[Items from a data source]

++++++++++++++++++++

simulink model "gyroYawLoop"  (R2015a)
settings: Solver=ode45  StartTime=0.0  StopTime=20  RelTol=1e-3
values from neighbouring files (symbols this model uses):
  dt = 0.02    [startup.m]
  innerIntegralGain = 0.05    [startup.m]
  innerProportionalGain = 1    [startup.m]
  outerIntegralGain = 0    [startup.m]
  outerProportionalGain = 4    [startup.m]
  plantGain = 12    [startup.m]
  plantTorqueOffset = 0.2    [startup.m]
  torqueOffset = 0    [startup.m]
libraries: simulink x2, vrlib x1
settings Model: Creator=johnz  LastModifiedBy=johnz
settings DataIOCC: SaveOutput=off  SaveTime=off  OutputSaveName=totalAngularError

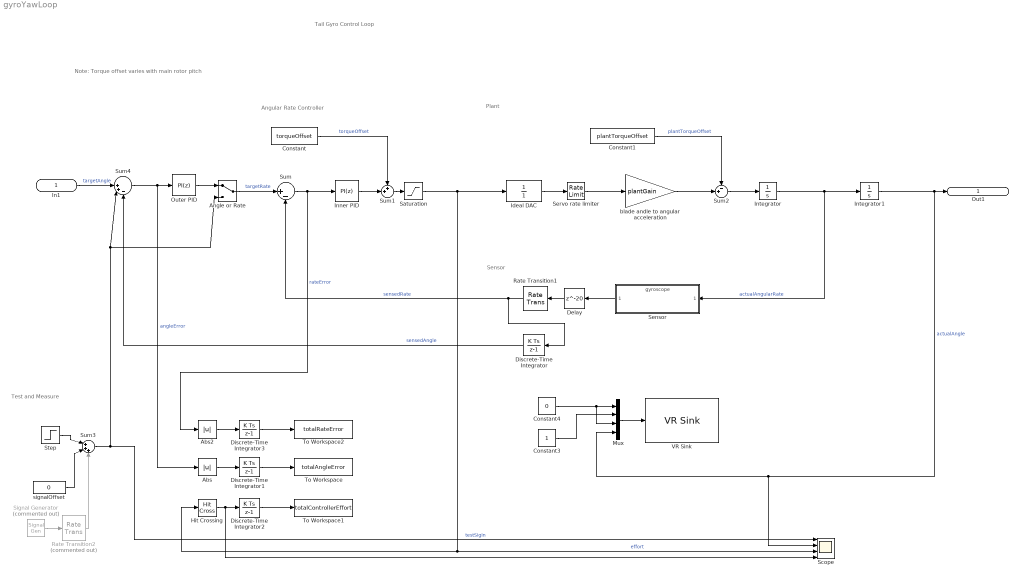
== system gyroYawLoop ==
  note: Angular Rate Controller
  note: Sensor
  note: Test and Measure
  note: Tail Gyro Control Loop
  note: Note: Torque offset varies with main rotor pitch
  note: Plant
  In1 : Inport  SampleTime=dt
  Abs : Abs
  Abs2 : Abs
  Angle or Rate : ManualSwitch
  Constant : Constant  Value=torqueOffset  SampleTime=dt
  Constant1 : Constant  Value=plantTorqueOffset
  Constant3 : Constant
  Constant4 : Constant  Value=0
  Delay : Delay  DelayLength=20
  Discrete-Time Integrator{,1..3} (4 alike) : DiscreteIntegrator  InitialConditionSetting=State (most efficient)  SampleTime=-1
  Hit Crossing : HitCross  HitCrossingOffset=0.1
  Ideal DAC : TransferFcn  Denominator=[1]
  Inner PID : simulink/Continuous/PID Controller  Controller=PI  TimeDomain=Discrete-time  SampleTime=dt  IntegratorMethod=Forward Euler  FilterMethod=Forward Euler  Form=Parallel  UseFilter=on  ControllerParametersSource=internal  P=innerProportionalGain  I=innerIntegralGain  D=0  N=100  InitialConditionSource=internal  InitialConditionForIntegrator=0  InitialConditionForFilter=0  ExternalReset=none  LimitOutput=off  UpperSaturationLimit=inf  LowerSaturationLimit=-inf  LinearizeAsGain=off  AntiWindupMode=none  Kb=1  TrackingMode=off  Kt=1  PParamMin=[]  PParamMax=[]  IParamMin=[]  IParamMax=[]  DParamMin=[]  DParamMax=[]  NParamMin=[]  NParamMax=[]  KbParamMin=[]  KbParamMax=[]  KtParamMin=[]  KtParamMax=[]  POutMin=[]  POutMax=[]  IOutMin=[]  IOutMax=[]  DOutMin=[]  DOutMax=[]  NOutMin=[]  NOutMax=[]  KbOutMin=[]  KbOutMax=[]  KtOutMin=[]  KtOutMax=[]  IntegratorOutMin=[]  IntegratorOutMax=[]  FilterOutMin=[]  FilterOutMax=[]  SumOutMin=[]  SumOutMax=[]  SumI1OutMin=[]  SumI1OutMax=[]  SumI2OutMin=[]  SumI2OutMax=[]  SumI3OutMin=[]  SumI3OutMax=[]  SumDOutMin=[]  SumDOutMax=[]  SaturationOutMin=[]  SaturationOutMax=[]  IntegratorContinuousStateAttributes=''  IntegratorStateMustResolveToSignalObject=off  IntegratorRTWStateStorageClass=Auto  FilterContinuousStateAttributes=''  FilterStateMustResolveToSignalObject=off  FilterRTWStateStorageClass=Auto  DifferentiatorICPrevScaledInput=0  DifferentiatorOutMin=[]  DifferentiatorOutMax=[]
  Integrator : Integrator
  Integrator1 : Integrator
  Mux : Mux
  Outer PID : simulink/Continuous/PID Controller  Controller=PI  TimeDomain=Discrete-time  SampleTime=dt  IntegratorMethod=Forward Euler  FilterMethod=Forward Euler  Form=Parallel  UseFilter=on  ControllerParametersSource=internal  P=outerProportionalGain  I=outerIntegralGain  D=0.02  N=100  InitialConditionSource=internal  InitialConditionForIntegrator=0  InitialConditionForFilter=0  ExternalReset=none  LimitOutput=off  UpperSaturationLimit=inf  LowerSaturationLimit=-inf  LinearizeAsGain=off  AntiWindupMode=none  Kb=1  TrackingMode=off  Kt=1  PParamMin=[]  PParamMax=[]  IParamMin=[]  IParamMax=[]  DParamMin=[]  DParamMax=[]  NParamMin=[]  NParamMax=[]  KbParamMin=[]  KbParamMax=[]  KtParamMin=[]  KtParamMax=[]  POutMin=[]  POutMax=[]  IOutMin=[]  IOutMax=[]  DOutMin=[]  DOutMax=[]  NOutMin=[]  NOutMax=[]  KbOutMin=[]  KbOutMax=[]  KtOutMin=[]  KtOutMax=[]  IntegratorOutMin=[]  IntegratorOutMax=[]  FilterOutMin=[]  FilterOutMax=[]  SumOutMin=[]  SumOutMax=[]  SumI1OutMin=[]  SumI1OutMax=[]  SumI2OutMin=[]  SumI2OutMax=[]  SumI3OutMin=[]  SumI3OutMax=[]  SumDOutMin=[]  SumDOutMax=[]  SaturationOutMin=[]  SaturationOutMax=[]  IntegratorContinuousStateAttributes=''  IntegratorStateMustResolveToSignalObject=off  IntegratorRTWStateStorageClass=Auto  FilterContinuousStateAttributes=''  FilterStateMustResolveToSignalObject=off  FilterRTWStateStorageClass=Auto  DifferentiatorICPrevScaledInput=0  DifferentiatorOutMin=[]  DifferentiatorOutMax=[]
  Rate Transition1 : RateTransition  OutPortSampleTime=dt
  Rate Transition2 : RateTransition  Commented=on  OutPortSampleTime=dt
  Saturation : Saturate  UpperLimit=1  LowerLimit=-1
  Scope : Scope  NumInputPorts=4
      settings: TickLabels=on  TimeRange=3  YMin=0~-0.05~-0.05~-5  YMax=1~1.05~1~5
  Sensor : ModelReference  ModelNameDialog=gyroscope.slx  ParameterArgumentNames=randomSeed  ParameterArgumentValues=1  SimulationMode=Normal  ModelReferenceVersion=1.23  CopyOfModelName=gyroscope.slx  DefaultDataLogging=on
  Servo rate limiter : RateLimiter  RisingSlewLimit=15  FallingSlewLimit=-15  SampleTimeMode=inherited
  Signal Generator : SignalGenerator  Commented=on  WaveForm=square  Amplitude=0.5  VectorParams1D=off
  Step : Step  SampleTime=dt
  Sum : Sum  Inputs=|+-
  Sum1 : Sum  Inputs=++|
  Sum2 : Sum  Inputs=-+|
  Sum3 : Sum  Inputs=|+++
  Sum4 : Sum  Inputs=||++-
  To Workspace : ToWorkspace  VariableName=totalAngleError  SampleTime=-1
      settings: MaxDataPoints=1
  To Workspace1 : ToWorkspace  VariableName=totalControllerEffort  SampleTime=-1
      settings: MaxDataPoints=1
  To Workspace2 : ToWorkspace  VariableName=totalRateError  SampleTime=-1
      settings: MaxDataPoints=1
  VR Sink : vrlib/VR Sink  InstantiateOnLoad=on  SampleTime=.001  ViewEnable=on  RemoteChange=off  RemoteView=off  FieldsWritten=Helicopter.rotation.4.1.1.double  WorldFileName=animation\animation_world.wrl  AutoView=off  VideoDimensions=[]  AllowVariableSize=off
  blade andle to angular acceleration : Gain  Gain=plantGain
  signalOffset : Constant  Value=0  SampleTime=dt
  Out1 : Outport
  wires:
  Sum4/1 -> Outer PID/1, Abs/1  "angleError"
  Constant/1 -> Sum1/1  "torqueOffset"
  Sum/1 -> Inner PID/1, Abs2/1  "rateError"
  Sum1/1 -> Saturation/1
  Ideal DAC/1 -> Servo rate limiter/1
  Integrator/1 -> Integrator1/1, Sensor/1  "actualAngularRate"
  Constant4/1 -> Mux/3, Mux/1
  Mux/1 -> VR Sink/1
  Constant3/1 -> Mux/2
  Inner PID/1 -> Sum1/2
  Sensor/1 -> Delay/1
  signalOffset/1 -> Sum3/2
  In1/1 -> Sum4/1  "targetAngle"
  Sum3/1 -> Scope/1, Angle or Rate/2, Sum4/2  "testSigIn"
  Integrator1/1 -> Out1/1, Scope/2, Mux/4  "actualAngle"
  Discrete-Time Integrator/1 -> Sum4/3  "sensedAngle"
  Servo rate limiter/1 -> blade andle to angular acceleration/1
  blade andle to angular acceleration/1 -> Sum2/2
  Sum2/1 -> Integrator/1
  Constant1/1 -> Sum2/1  "plantTorqueOffset"
  Step/1 -> Sum3/1
  Discrete-Time Integrator1/1 -> To Workspace/1
  Delay/1 -> Rate Transition1/1
  Rate Transition1/1 -> Sum/2, Discrete-Time Integrator/1  "sensedRate"
  Abs/1 -> Discrete-Time Integrator1/1
  Saturation/1 -> Hit Crossing/1, Scope/3, Ideal DAC/1  "effort"
  Hit Crossing/1 -> Scope/4, Discrete-Time Integrator2/1
  Signal Generator/1 -> Rate Transition2/1
  Rate Transition2/1 -> Sum3/3
  Outer PID/1 -> Angle or Rate/1
  Angle or Rate/1 -> Sum/1  "targetRate"
  Discrete-Time Integrator3/1 -> To Workspace2/1
  Abs2/1 -> Discrete-Time Integrator3/1
  Discrete-Time Integrator2/1 -> To Workspace1/1

++++++++++++++++++++

→ Task statement: Bring together all lines in the records where the word "outerProportionalGain" is found.

→ Result of the task:
  outerProportionalGain = 4    [startup.m]
  Outer PID : simulink/Continuous/PID Controller  Controller=PI  TimeDomain=Discrete-time  SampleTime=dt  IntegratorMethod=Forward Euler  FilterMethod=Forward Euler  Form=Parallel  UseFilter=on  ControllerParametersSource=internal  P=outerProportionalGain  I=outerIntegralGain  D=0.02  N=100  InitialConditionSource=internal  InitialConditionForIntegrator=0  InitialConditionForFilter=0  ExternalReset=none  LimitOutput=off  UpperSaturationLimit=inf  LowerSaturationLimit=-inf  LinearizeAsGain=off  AntiWindupMode=none  Kb=1  TrackingMode=off  Kt=1  PParamMin=[]  PParamMax=[]  IParamMin=[]  IParamMax=[]  DParamMin=[]  DParamMax=[]  NParamMin=[]  NParamMax=[]  KbParamMin=[]  KbParamMax=[]  KtParamMin=[]  KtParamMax=[]  POutMin=[]  POutMax=[]  IOutMin=[]  IOutMax=[]  DOutMin=[]  DOutMax=[]  NOutMin=[]  NOutMax=[]  KbOutMin=[]  KbOutMax=[]  KtOutMin=[]  KtOutMax=[]  IntegratorOutMin=[]  IntegratorOutMax=[]  FilterOutMin=[]  FilterOutMax=[]  SumOutMin=[]  SumOutMax=[]  SumI1OutMin=[]  SumI1OutMax=[]  SumI2OutMin=[]  SumI2OutMax=[]  SumI3OutMin=[]  SumI3OutMax=[]  SumDOutMin=[]  SumDOutMax=[]  SaturationOutMin=[]  SaturationOutMax=[]  IntegratorContinuousStateAttributes=''  IntegratorStateMustResolveToSignalObject=off  IntegratorRTWStateStorageClass=Auto  FilterContinuousStateAttributes=''  FilterStateMustResolveToSignalObject=off  FilterRTWStateStorageClass=Auto  DifferentiatorICPrevScaledInput=0  DifferentiatorOutMin=[]  DifferentiatorOutMax=[]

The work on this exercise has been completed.